Fig. 7. Posterior probabilities of having non-zero pixels (left: SNR = 2dB, right: SNR — 20dB). The probability of 
having at least one non-zero pixel in the red (resp. green) box-delimited area is 45% (resp. 5%). 

The posterior distributions of four different pixels are depicted in Fig. 8. These posteriors 
are consistent with the actual values of these pixels that are represented as dotted red lines 
in these figures.

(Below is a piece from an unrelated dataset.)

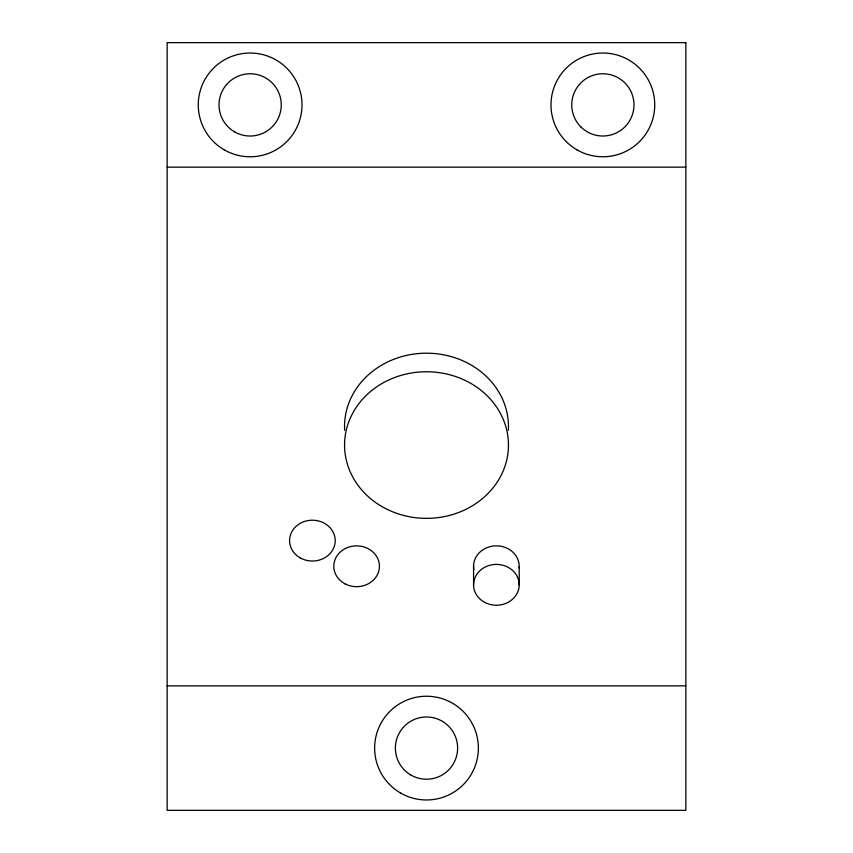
<?xml version="1.0" encoding="UTF-8"?>
<svg xmlns="http://www.w3.org/2000/svg" width="853" height="853" viewBox="0 0 853 853"><rect width="100%" height="100%" fill="white"/><g stroke="black" fill="none" stroke-linecap="round" stroke-linejoin="round"><path stroke-width="1.28" d="M167.145 167.145L685.855 167.145M167.145 685.855L685.855 685.855M519.2 566.659L519.2 585.222A22.828 20.419 0 0 1 484.589 602.303A22.828 20.419 0 0 1 485.357 566.946A22.828 20.419 0 0 1 519.2 585.222M473.564 565.87L473.564 584.433M344.655 430.317A81.952 73.305 0 0 1 426.5 353.195A81.952 73.305 0 0 1 508.345 430.317M473.884 569.697A22.828 20.419 0 0 1 495.39 545.867A22.828 20.419 0 0 1 519.125 567.938M685.855 42.65L167.145 42.65L167.145 810.35L685.855 810.35L685.855 42.65M300.64 558.118A22.828 20.419 0 0 0 335.208 540.962A22.828 20.419 0 0 0 301.301 522.772A22.828 20.419 0 0 0 300.64 558.118M345.038 583.857A22.828 20.419 0 0 0 379.436 566.445A22.828 20.419 0 0 0 345.38 548.5A22.828 20.419 0 0 0 345.038 583.857M410.943 775.057A31.124 31.124 0 0 0 457.624 748.102A31.124 31.124 0 0 0 410.943 721.148A31.124 31.124 0 0 0 410.943 775.057M580.861 126.905A31.124 31.124 0 0 0 632.926 112.948A31.124 31.124 0 0 0 594.808 74.829A31.124 31.124 0 0 0 580.861 126.905M234.575 131.852A31.124 31.124 0 0 0 281.255 104.898A31.124 31.124 0 0 0 234.575 77.943A31.124 31.124 0 0 0 234.575 131.852M400.569 793.023A51.873 51.873 0 0 0 478.373 748.102A51.873 51.873 0 0 0 400.569 703.181A51.873 51.873 0 0 0 400.569 793.023M576.927 149.819A51.873 51.873 0 0 0 654.731 104.898A51.873 51.873 0 0 0 576.927 59.977A51.873 51.873 0 0 0 576.927 149.819M224.2 149.819A51.873 51.873 0 0 0 302.005 104.898A51.873 51.873 0 0 0 224.2 59.977A51.873 51.873 0 0 0 224.2 149.819M385.524 508.537A81.952 73.305 0 0 0 508.452 445.063A81.952 73.305 0 0 0 385.524 381.579A81.952 73.305 0 0 0 385.524 508.537"/></g></svg>

In particular, in all cases the actual values all lie within the 75% central 
quantile of the posterior distribution. 

2) Comparison of reconstruction performances: Here we compare our proposed hierar- 
chical Bayesian method to the sparse reconstruction methods of [52], [54]. The techniques 
proposed in [52], [54] are based on penalized likelihood EM algorithms that perform empirical 
estimation of the unknown hyperparameters. Therein, two empirical Bayesian estimators, 
denoted Emp-MAP-Lap and Emp-MAP-LAZE, based on a Laplacian or a LAZE prior 
respectively, were proposed. We also compare to the standard Landweber algorithm [31] 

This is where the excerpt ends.